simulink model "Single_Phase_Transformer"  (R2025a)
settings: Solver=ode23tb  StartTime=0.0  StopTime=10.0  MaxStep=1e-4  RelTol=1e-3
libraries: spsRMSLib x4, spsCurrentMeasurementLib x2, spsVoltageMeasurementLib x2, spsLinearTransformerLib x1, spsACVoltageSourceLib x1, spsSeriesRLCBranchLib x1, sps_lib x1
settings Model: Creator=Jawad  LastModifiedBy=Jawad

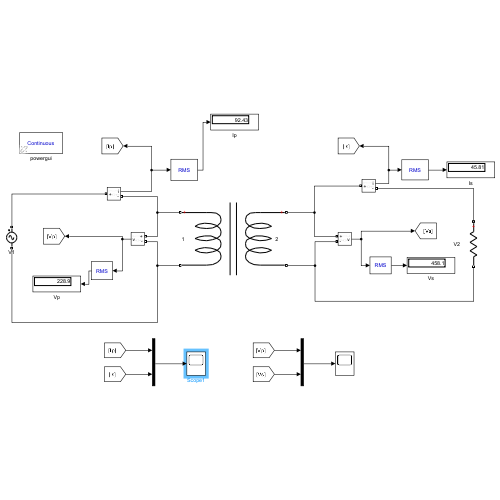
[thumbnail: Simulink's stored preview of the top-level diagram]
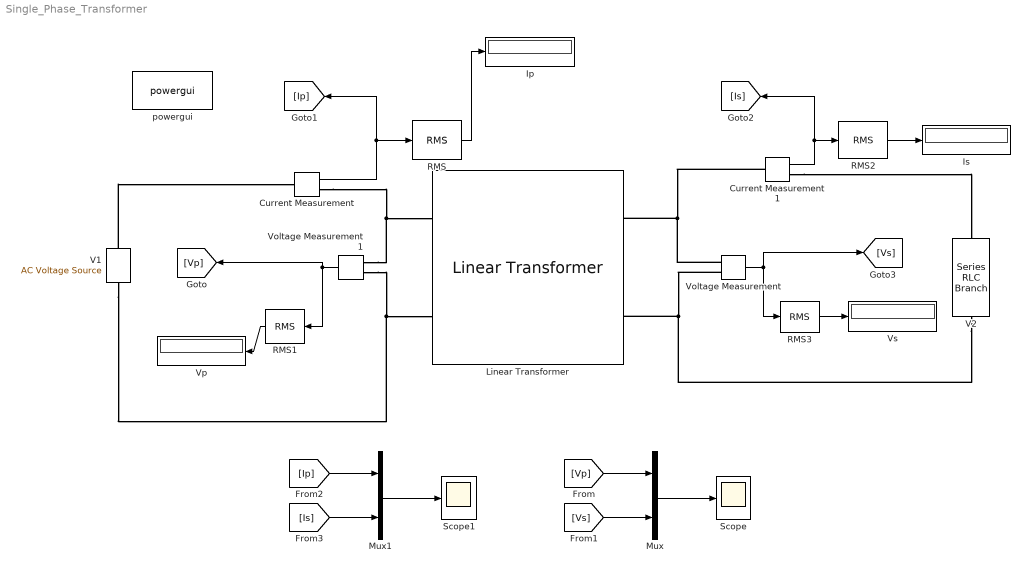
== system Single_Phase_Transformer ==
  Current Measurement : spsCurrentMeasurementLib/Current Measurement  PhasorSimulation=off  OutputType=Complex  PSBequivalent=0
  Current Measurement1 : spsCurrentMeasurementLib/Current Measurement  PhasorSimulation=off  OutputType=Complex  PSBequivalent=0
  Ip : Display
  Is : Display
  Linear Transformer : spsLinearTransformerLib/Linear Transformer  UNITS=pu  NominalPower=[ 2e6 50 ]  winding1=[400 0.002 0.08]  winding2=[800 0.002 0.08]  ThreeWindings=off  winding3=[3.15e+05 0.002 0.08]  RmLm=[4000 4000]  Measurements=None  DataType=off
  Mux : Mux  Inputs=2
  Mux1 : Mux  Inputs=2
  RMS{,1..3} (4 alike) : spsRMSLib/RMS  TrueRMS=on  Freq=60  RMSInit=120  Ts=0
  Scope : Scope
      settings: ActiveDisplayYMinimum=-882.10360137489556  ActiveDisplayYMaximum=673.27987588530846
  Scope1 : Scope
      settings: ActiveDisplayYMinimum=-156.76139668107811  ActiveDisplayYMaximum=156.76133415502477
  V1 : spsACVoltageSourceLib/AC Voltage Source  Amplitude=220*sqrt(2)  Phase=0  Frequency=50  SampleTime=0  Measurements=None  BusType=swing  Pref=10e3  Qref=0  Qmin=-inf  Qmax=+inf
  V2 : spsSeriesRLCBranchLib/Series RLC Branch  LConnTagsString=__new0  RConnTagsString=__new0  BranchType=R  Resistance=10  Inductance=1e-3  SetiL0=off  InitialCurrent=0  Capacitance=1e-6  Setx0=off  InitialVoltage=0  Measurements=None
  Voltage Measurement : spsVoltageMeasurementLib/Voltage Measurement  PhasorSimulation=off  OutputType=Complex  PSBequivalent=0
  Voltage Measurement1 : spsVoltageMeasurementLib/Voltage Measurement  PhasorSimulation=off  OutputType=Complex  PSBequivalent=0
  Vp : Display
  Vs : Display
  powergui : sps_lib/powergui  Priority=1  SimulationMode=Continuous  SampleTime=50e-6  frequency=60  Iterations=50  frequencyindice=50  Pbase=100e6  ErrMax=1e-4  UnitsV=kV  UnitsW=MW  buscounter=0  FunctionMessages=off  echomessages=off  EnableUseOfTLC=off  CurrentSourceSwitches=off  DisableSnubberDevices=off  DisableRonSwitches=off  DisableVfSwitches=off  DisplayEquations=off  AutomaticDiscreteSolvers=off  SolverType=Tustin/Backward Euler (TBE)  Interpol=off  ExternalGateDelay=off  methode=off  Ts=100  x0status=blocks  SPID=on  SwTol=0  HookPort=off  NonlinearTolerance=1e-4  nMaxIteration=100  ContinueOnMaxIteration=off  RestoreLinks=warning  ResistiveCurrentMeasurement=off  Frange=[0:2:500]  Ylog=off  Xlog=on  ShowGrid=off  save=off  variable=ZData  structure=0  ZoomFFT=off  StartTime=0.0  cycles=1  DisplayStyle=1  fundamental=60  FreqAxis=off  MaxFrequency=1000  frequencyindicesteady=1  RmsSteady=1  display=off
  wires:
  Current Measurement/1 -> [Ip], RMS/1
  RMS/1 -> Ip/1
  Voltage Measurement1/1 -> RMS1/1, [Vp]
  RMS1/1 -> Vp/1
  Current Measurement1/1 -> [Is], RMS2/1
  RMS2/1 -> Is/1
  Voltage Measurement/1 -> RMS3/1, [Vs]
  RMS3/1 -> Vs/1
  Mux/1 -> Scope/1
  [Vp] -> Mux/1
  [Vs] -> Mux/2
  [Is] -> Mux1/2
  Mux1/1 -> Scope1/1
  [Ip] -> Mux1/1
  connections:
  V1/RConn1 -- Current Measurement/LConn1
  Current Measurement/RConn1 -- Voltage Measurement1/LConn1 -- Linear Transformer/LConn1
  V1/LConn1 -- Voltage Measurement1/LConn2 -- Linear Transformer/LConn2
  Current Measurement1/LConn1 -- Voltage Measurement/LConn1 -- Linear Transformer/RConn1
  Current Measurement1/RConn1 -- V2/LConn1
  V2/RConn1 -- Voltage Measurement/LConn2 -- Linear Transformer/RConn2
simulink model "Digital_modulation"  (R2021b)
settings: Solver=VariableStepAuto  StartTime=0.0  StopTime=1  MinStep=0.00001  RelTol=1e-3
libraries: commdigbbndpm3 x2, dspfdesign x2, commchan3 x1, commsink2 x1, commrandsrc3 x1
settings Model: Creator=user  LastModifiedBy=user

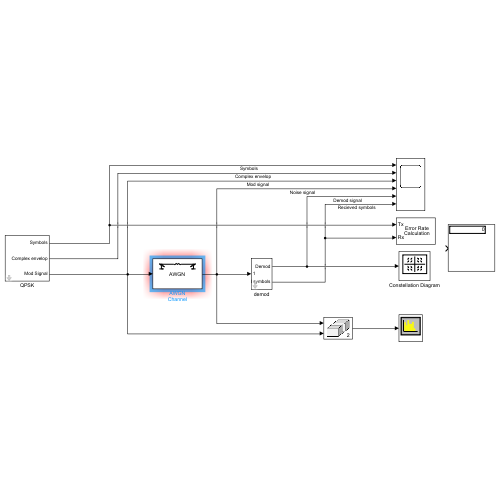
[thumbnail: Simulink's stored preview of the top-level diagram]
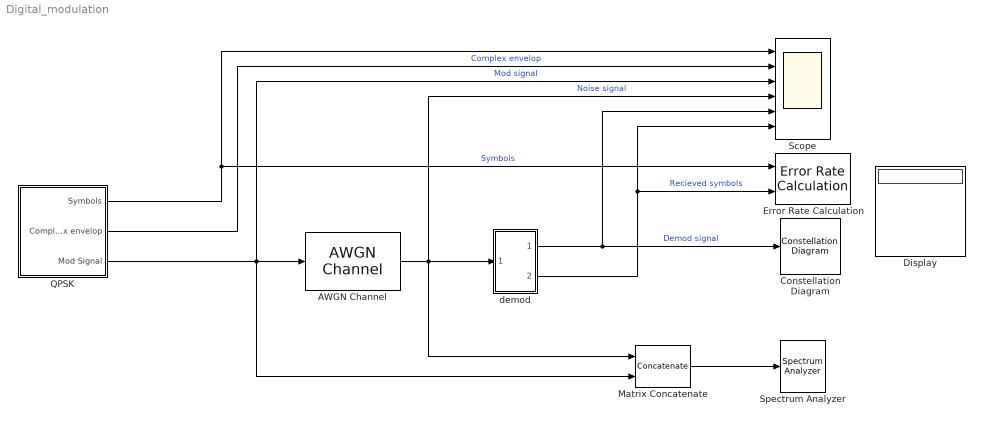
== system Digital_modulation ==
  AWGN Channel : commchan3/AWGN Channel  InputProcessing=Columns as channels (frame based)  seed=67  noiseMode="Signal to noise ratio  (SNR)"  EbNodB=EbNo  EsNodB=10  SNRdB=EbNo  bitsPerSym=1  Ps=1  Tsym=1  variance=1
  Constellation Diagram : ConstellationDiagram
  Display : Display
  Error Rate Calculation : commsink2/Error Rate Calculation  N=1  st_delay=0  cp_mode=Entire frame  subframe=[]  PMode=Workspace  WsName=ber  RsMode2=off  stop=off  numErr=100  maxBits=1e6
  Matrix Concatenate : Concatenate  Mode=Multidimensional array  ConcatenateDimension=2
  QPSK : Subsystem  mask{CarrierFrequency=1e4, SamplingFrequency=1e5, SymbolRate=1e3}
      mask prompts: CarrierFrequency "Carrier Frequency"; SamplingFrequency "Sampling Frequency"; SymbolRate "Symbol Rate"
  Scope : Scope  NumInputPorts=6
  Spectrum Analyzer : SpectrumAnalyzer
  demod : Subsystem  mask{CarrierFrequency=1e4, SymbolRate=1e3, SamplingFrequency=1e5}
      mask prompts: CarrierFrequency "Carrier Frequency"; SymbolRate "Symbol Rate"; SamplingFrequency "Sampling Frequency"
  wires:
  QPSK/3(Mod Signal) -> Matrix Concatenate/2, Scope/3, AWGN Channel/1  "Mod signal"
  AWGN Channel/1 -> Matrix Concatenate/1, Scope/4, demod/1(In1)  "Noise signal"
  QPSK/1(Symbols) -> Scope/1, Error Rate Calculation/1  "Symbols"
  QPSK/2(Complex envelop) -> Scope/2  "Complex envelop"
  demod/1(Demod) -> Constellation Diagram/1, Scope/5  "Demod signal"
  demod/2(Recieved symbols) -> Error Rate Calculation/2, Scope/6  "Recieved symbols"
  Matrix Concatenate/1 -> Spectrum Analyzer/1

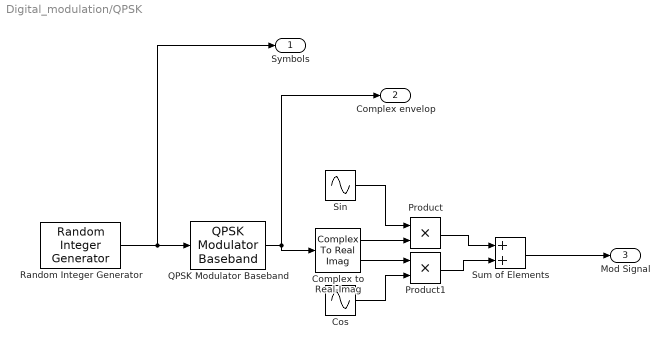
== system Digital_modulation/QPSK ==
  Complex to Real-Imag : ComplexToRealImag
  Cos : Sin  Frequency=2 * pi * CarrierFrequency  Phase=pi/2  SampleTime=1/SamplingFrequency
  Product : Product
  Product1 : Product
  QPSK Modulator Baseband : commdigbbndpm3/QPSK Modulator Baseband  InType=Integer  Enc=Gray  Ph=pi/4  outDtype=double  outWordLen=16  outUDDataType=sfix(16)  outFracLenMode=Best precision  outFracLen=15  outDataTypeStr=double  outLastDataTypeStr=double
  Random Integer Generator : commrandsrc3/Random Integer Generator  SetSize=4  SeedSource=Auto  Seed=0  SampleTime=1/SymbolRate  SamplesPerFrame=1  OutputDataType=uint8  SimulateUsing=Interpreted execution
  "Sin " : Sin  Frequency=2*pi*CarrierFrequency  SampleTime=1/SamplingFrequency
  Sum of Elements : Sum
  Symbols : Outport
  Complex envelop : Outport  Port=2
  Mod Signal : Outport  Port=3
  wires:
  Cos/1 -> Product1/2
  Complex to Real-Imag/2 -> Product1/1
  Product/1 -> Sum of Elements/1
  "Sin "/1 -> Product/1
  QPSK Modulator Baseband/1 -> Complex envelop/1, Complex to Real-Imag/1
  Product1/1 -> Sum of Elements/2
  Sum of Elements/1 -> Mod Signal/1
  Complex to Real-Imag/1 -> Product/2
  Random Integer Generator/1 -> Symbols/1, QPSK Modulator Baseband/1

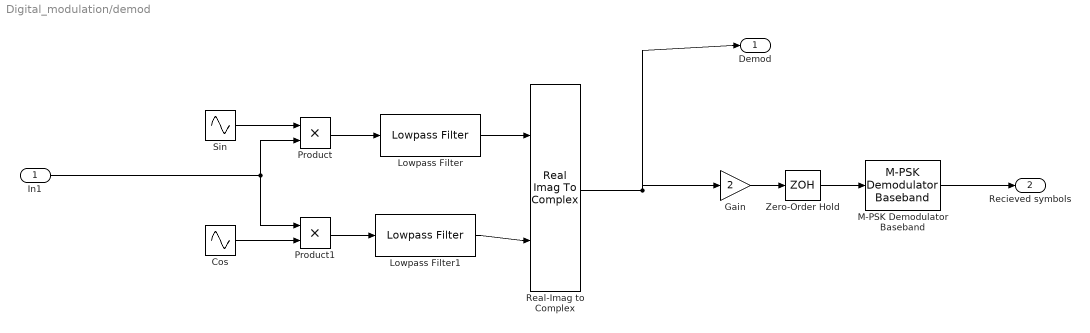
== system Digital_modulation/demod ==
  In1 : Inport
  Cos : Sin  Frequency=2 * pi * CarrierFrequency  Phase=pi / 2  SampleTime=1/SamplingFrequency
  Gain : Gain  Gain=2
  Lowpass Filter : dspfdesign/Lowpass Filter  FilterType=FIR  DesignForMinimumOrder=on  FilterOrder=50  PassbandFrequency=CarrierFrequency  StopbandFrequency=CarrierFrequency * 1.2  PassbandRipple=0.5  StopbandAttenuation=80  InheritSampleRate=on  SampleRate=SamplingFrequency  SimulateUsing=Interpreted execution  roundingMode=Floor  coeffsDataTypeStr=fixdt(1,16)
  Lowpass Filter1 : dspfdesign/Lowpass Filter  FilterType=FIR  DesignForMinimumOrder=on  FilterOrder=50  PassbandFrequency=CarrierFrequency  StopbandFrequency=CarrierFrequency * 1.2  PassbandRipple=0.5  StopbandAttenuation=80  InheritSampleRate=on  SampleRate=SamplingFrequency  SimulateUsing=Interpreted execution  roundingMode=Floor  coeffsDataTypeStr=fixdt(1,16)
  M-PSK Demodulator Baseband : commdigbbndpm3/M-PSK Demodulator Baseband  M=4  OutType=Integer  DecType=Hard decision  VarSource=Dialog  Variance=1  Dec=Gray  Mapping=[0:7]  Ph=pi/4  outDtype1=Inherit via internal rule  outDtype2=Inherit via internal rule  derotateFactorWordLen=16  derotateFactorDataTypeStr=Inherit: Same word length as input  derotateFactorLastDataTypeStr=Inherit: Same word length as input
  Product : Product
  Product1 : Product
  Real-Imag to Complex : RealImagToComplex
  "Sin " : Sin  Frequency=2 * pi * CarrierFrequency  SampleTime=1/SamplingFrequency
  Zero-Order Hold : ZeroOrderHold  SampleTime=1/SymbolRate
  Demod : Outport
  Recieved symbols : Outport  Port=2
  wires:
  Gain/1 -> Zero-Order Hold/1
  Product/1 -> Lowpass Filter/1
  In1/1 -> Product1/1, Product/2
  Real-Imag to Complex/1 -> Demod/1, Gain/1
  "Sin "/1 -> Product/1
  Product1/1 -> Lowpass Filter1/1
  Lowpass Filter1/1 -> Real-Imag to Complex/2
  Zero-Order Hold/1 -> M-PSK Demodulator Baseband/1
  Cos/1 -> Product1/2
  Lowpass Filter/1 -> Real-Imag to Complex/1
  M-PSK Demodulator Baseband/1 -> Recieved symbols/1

- - - - -

Above are some records; quote exactly and only the lines that begin at the line containing "AWGN Channel : commchan3/AWGN" and stop after the line containing "QPSK Modulator Baseband : commdigbbndpm3/QPSK", leaving out the pictures.

  AWGN Channel : commchan3/AWGN Channel  InputProcessing=Columns as channels (frame based)  seed=67  noiseMode="Signal to noise ratio  (SNR)"  EbNodB=EbNo  EsNodB=10  SNRdB=EbNo  bitsPerSym=1  Ps=1  Tsym=1  variance=1
  Constellation Diagram : ConstellationDiagram
  Display : Display
  Error Rate Calculation : commsink2/Error Rate Calculation  N=1  st_delay=0  cp_mode=Entire frame  subframe=[]  PMode=Workspace  WsName=ber  RsMode2=off  stop=off  numErr=100  maxBits=1e6
  Matrix Concatenate : Concatenate  Mode=Multidimensional array  ConcatenateDimension=2
  QPSK : Subsystem  mask{CarrierFrequency=1e4, SamplingFrequency=1e5, SymbolRate=1e3}
      mask prompts: CarrierFrequency "Carrier Frequency"; SamplingFrequency "Sampling Frequency"; SymbolRate "Symbol Rate"
  Scope : Scope  NumInputPorts=6
  Spectrum Analyzer : SpectrumAnalyzer
  demod : Subsystem  mask{CarrierFrequency=1e4, SymbolRate=1e3, SamplingFrequency=1e5}
      mask prompts: CarrierFrequency "Carrier Frequency"; SymbolRate "Symbol Rate"; SamplingFrequency "Sampling Frequency"
  wires:
  QPSK/3(Mod Signal) -> Matrix Concatenate/2, Scope/3, AWGN Channel/1  "Mod signal"
  AWGN Channel/1 -> Matrix Concatenate/1, Scope/4, demod/1(In1)  "Noise signal"
  QPSK/1(Symbols) -> Scope/1, Error Rate Calculation/1  "Symbols"
  QPSK/2(Complex envelop) -> Scope/2  "Complex envelop"
  demod/1(Demod) -> Constellation Diagram/1, Scope/5  "Demod signal"
  demod/2(Recieved symbols) -> Error Rate Calculation/2, Scope/6  "Recieved symbols"
  Matrix Concatenate/1 -> Spectrum Analyzer/1

== system Digital_modulation/QPSK ==
  Complex to Real-Imag : ComplexToRealImag
  Cos : Sin  Frequency=2 * pi * CarrierFrequency  Phase=pi/2  SampleTime=1/SamplingFrequency
  Product : Product
  Product1 : Product
  QPSK Modulator Baseband : commdigbbndpm3/QPSK Modulator Baseband  InType=Integer  Enc=Gray  Ph=pi/4  outDtype=double  outWordLen=16  outUDDataType=sfix(16)  outFracLenMode=Best precision  outFracLen=15  outDataTypeStr=double  outLastDataTypeStr=double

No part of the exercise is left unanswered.